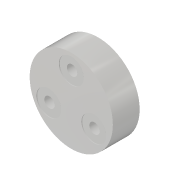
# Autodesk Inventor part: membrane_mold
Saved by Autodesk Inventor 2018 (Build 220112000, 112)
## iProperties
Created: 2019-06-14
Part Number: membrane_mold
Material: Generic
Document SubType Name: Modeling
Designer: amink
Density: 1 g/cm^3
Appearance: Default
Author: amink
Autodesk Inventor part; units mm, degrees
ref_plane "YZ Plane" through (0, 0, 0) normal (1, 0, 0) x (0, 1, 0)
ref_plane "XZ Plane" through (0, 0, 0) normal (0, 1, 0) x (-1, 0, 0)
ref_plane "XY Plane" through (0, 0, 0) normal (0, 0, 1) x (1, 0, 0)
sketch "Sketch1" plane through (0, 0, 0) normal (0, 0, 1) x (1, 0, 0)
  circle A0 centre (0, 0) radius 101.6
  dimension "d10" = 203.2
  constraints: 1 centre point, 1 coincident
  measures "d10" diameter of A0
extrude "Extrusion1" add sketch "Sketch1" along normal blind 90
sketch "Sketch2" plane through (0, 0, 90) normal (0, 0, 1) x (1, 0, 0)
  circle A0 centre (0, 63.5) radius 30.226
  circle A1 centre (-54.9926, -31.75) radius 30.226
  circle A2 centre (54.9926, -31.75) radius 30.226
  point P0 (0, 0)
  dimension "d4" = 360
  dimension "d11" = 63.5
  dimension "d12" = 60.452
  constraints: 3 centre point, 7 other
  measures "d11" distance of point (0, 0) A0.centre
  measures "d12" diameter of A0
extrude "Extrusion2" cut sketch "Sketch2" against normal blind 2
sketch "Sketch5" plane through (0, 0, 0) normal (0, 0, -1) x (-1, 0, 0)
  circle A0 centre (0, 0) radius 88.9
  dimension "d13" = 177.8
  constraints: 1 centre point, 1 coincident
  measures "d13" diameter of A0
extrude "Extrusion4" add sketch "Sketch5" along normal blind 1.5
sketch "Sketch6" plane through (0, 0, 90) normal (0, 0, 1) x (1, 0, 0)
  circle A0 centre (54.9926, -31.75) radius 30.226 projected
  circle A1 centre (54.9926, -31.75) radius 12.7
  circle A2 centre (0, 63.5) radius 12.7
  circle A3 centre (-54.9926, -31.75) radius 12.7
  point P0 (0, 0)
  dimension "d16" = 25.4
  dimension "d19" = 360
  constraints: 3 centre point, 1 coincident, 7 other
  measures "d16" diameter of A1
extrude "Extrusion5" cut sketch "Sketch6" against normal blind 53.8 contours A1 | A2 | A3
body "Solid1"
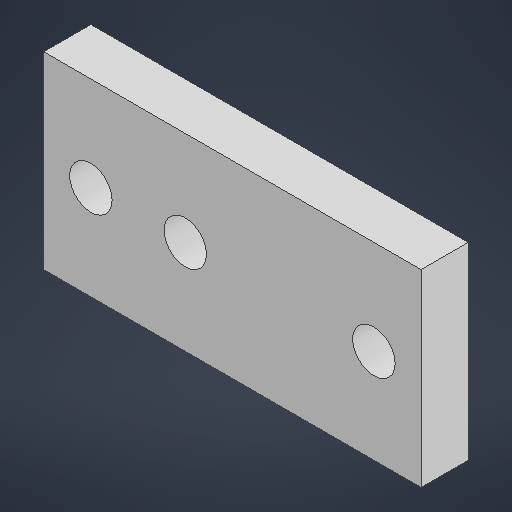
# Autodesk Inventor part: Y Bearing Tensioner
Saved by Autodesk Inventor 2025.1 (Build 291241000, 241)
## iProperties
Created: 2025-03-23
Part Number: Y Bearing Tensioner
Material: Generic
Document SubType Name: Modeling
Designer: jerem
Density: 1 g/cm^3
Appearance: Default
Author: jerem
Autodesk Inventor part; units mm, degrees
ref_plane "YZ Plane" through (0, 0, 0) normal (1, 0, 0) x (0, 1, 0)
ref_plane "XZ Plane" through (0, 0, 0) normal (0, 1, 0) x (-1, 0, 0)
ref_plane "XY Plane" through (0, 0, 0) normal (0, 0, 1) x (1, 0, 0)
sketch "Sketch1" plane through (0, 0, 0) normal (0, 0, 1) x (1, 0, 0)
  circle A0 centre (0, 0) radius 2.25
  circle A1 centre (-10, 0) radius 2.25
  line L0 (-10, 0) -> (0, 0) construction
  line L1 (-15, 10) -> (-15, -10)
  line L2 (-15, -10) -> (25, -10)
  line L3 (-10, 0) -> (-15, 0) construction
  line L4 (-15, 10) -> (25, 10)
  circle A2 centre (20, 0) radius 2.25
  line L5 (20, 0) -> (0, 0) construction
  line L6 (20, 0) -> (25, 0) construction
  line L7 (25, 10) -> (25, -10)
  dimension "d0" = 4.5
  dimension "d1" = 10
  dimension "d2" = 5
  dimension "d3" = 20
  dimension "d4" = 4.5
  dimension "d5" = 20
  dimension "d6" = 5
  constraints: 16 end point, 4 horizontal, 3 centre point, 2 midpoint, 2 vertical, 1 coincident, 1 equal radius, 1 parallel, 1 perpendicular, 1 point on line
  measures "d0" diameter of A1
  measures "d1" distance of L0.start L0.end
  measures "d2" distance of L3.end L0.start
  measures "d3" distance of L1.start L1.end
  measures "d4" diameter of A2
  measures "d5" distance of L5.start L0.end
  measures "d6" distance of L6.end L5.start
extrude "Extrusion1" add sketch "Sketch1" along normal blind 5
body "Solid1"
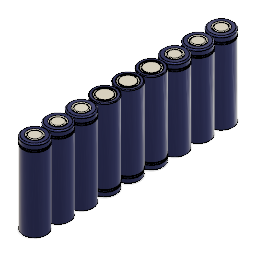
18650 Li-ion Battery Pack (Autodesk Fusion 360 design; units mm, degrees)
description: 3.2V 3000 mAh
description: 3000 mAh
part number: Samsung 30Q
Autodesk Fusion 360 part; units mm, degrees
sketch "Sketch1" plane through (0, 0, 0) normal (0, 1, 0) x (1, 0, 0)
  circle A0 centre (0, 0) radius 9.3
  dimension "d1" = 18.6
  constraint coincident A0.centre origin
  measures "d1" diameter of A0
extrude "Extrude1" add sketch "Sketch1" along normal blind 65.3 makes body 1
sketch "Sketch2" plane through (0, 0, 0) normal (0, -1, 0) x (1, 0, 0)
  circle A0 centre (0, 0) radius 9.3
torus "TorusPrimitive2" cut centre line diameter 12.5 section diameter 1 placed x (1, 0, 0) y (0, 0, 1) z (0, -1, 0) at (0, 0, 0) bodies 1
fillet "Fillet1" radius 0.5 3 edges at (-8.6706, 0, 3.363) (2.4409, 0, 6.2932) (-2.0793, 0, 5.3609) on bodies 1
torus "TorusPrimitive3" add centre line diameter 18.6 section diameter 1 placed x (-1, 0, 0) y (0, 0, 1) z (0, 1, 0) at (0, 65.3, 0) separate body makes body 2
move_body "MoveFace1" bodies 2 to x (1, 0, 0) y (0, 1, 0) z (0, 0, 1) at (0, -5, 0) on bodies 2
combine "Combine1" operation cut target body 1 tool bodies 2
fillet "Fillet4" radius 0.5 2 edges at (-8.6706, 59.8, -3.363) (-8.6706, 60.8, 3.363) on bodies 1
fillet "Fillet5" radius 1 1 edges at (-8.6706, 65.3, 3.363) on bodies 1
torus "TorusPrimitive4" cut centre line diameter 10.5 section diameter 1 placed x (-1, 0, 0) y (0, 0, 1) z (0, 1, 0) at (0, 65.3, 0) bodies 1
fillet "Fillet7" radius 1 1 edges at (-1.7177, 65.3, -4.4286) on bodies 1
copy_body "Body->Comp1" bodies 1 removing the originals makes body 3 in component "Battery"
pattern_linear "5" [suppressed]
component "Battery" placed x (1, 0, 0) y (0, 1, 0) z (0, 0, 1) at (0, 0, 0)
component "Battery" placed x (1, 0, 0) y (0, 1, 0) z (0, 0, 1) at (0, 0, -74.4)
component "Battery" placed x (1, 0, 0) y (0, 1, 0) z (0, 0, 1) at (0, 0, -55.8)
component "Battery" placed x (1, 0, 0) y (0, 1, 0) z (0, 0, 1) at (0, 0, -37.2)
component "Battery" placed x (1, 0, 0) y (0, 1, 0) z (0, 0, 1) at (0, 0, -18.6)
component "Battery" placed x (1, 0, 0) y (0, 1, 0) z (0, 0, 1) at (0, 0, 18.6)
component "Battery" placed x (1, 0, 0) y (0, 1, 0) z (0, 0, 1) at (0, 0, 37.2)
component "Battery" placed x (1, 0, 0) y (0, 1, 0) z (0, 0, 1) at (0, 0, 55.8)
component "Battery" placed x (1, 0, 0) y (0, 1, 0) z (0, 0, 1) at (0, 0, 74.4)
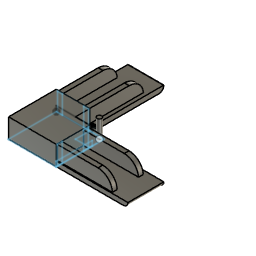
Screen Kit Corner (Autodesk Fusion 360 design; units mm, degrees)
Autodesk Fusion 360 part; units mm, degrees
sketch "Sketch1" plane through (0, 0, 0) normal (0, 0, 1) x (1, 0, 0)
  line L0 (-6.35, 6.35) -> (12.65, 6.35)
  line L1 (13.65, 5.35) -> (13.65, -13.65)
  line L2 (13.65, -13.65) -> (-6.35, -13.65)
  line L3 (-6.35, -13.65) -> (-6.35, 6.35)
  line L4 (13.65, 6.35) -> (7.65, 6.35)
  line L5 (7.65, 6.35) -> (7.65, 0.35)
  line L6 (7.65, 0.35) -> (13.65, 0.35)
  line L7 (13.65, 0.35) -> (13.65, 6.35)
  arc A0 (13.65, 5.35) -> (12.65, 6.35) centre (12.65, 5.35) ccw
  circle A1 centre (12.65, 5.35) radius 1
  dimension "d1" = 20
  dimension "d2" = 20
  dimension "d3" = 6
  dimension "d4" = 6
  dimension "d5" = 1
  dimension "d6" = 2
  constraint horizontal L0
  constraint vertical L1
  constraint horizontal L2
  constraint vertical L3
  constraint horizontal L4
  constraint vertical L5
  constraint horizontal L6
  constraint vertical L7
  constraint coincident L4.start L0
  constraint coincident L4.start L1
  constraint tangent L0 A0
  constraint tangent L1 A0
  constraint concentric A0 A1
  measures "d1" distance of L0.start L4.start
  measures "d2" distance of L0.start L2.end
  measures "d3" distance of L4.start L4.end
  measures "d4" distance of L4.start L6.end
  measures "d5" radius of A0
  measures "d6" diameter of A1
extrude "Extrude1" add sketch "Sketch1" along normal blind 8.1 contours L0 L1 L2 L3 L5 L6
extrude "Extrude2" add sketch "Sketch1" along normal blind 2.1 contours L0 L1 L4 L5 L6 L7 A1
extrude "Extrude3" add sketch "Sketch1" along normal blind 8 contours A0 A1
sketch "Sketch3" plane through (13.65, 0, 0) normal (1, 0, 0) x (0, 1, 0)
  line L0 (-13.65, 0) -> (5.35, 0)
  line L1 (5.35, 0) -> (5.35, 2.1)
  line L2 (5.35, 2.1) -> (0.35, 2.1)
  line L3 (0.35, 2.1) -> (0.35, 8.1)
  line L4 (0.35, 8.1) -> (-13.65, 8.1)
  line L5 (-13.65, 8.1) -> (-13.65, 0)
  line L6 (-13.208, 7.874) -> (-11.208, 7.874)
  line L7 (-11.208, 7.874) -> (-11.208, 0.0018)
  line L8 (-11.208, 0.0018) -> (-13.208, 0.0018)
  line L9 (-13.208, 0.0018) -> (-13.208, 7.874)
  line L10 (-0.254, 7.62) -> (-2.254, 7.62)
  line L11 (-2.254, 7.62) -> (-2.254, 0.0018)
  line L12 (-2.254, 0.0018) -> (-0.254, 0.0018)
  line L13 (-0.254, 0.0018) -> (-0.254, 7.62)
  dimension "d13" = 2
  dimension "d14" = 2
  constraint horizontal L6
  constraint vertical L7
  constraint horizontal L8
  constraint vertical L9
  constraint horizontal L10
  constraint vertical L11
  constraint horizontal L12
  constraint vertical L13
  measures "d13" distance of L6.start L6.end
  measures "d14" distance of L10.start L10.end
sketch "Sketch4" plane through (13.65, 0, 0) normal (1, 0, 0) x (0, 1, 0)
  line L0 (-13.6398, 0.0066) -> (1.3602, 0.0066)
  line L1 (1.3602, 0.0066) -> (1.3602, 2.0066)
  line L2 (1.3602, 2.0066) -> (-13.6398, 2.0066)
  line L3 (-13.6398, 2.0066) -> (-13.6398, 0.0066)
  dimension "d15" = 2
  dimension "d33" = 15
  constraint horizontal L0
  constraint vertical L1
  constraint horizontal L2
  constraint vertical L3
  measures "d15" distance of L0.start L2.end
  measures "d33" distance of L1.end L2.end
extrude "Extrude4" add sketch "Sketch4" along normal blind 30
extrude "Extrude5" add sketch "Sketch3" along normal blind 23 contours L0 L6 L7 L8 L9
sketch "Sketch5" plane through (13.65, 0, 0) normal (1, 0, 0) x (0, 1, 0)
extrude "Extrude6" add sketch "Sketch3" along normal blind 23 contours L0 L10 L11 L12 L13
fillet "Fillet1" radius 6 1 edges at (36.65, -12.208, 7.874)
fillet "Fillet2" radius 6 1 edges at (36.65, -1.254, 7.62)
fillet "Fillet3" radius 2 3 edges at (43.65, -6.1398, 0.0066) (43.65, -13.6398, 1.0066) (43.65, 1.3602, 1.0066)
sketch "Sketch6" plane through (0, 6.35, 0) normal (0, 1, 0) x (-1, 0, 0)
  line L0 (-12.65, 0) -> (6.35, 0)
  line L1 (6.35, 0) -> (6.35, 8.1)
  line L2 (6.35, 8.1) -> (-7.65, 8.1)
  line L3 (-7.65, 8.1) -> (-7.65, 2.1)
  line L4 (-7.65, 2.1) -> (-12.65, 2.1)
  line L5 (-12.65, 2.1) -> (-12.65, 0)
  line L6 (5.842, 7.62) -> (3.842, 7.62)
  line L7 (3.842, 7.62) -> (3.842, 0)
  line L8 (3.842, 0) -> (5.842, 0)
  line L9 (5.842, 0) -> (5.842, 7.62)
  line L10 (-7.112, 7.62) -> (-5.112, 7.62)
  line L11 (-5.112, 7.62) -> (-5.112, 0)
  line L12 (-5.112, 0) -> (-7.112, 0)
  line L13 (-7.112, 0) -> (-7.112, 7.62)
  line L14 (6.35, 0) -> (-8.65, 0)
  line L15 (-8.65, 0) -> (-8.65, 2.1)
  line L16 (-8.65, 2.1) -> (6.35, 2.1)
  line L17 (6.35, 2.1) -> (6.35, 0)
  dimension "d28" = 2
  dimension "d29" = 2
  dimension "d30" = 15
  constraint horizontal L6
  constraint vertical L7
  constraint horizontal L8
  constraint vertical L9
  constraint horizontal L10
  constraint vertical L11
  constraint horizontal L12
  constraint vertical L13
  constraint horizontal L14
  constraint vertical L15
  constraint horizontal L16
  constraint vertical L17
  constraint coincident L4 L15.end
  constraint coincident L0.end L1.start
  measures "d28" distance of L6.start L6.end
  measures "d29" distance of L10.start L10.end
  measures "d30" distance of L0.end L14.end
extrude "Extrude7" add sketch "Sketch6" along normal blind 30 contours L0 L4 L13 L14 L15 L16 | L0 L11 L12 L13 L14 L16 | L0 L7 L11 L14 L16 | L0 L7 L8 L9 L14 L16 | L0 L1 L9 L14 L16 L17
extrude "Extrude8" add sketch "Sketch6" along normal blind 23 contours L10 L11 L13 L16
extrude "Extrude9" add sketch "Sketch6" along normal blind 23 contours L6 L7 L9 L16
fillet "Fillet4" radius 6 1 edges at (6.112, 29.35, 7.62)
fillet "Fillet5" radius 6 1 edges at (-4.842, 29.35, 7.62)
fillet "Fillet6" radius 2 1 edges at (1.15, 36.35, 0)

> _Task_
Only lines containing the word "Fusion" should be copied from the material above.

> _Answer below_
18650 Li-ion Battery Pack (Autodesk Fusion 360 design; units mm, degrees)
Autodesk Fusion 360 part; units mm, degrees
Screen Kit Corner (Autodesk Fusion 360 design; units mm, degrees)
Autodesk Fusion 360 part; units mm, degrees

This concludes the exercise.